┌────────
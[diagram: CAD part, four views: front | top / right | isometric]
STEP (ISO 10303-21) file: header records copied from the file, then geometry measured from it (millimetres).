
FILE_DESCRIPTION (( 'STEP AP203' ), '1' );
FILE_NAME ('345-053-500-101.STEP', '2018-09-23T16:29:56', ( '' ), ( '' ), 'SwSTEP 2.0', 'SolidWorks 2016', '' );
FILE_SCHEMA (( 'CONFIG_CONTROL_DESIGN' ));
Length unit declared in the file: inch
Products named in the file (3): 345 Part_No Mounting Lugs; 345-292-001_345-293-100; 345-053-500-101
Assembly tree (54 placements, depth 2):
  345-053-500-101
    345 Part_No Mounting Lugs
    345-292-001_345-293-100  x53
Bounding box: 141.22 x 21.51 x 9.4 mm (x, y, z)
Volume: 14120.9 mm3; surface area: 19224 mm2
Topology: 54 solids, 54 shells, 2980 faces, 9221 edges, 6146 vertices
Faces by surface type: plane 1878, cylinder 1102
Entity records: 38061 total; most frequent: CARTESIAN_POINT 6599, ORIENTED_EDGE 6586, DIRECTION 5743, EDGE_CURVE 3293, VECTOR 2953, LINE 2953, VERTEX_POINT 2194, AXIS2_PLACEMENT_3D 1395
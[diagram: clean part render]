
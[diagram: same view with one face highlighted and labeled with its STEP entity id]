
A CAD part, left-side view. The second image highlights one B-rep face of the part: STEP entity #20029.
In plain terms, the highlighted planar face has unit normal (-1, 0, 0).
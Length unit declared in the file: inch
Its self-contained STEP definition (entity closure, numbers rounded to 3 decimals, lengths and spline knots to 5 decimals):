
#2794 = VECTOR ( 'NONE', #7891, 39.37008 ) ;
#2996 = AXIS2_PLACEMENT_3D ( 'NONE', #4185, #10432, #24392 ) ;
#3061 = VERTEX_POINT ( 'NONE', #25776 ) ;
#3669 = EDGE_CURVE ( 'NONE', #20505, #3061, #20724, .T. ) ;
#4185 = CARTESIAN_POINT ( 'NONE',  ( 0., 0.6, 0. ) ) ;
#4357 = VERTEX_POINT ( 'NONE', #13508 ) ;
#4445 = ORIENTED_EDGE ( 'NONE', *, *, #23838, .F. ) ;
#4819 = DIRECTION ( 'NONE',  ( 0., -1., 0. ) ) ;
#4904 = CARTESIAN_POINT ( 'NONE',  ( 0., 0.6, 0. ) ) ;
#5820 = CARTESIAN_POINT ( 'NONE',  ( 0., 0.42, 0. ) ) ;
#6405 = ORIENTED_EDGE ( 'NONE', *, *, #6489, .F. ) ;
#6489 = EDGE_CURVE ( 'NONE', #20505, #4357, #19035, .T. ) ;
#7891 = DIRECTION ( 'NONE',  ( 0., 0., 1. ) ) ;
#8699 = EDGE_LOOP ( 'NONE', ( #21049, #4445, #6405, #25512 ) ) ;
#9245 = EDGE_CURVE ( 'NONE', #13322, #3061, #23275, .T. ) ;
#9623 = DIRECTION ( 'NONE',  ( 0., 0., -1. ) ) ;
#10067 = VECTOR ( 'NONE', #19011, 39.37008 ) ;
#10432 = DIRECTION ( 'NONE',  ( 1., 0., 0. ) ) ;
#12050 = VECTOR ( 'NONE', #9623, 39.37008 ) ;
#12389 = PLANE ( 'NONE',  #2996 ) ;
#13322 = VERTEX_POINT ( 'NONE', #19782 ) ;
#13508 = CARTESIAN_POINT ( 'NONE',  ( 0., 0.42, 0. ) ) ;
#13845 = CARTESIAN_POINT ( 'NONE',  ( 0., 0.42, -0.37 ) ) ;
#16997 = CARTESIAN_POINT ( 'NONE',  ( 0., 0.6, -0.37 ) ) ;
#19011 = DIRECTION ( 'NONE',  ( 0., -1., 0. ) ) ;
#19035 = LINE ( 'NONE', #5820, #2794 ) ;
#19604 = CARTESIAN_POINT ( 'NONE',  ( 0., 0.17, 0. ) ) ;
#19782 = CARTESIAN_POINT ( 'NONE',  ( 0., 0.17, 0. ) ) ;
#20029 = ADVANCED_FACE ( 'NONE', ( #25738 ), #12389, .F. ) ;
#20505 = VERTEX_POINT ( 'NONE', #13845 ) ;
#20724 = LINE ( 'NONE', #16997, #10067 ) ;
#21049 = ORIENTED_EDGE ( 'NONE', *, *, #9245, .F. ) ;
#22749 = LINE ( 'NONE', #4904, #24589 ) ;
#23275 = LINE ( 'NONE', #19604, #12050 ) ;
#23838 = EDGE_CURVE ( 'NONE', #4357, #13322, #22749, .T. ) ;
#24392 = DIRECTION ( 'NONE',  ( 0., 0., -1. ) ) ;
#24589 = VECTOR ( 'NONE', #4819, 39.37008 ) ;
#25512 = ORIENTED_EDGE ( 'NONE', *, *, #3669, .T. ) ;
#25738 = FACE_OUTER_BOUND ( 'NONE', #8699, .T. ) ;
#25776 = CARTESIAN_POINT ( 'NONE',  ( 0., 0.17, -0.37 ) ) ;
└────────
### WHAT IS NEEDED
Starting at the line above that contains "#4819 = DIRECTION", repeat each line exactly up to and including the line that contains "#6405 = ORIENTED_EDGE", and stop there.

### EXERCISE OUTPUT
#4819 = DIRECTION ( 'NONE',  ( 0., -1., 0. ) ) ;
#4904 = CARTESIAN_POINT ( 'NONE',  ( 0., 0.6, 0. ) ) ;
#5820 = CARTESIAN_POINT ( 'NONE',  ( 0., 0.42, 0. ) ) ;
#6405 = ORIENTED_EDGE ( 'NONE', *, *, #6489, .F. ) ;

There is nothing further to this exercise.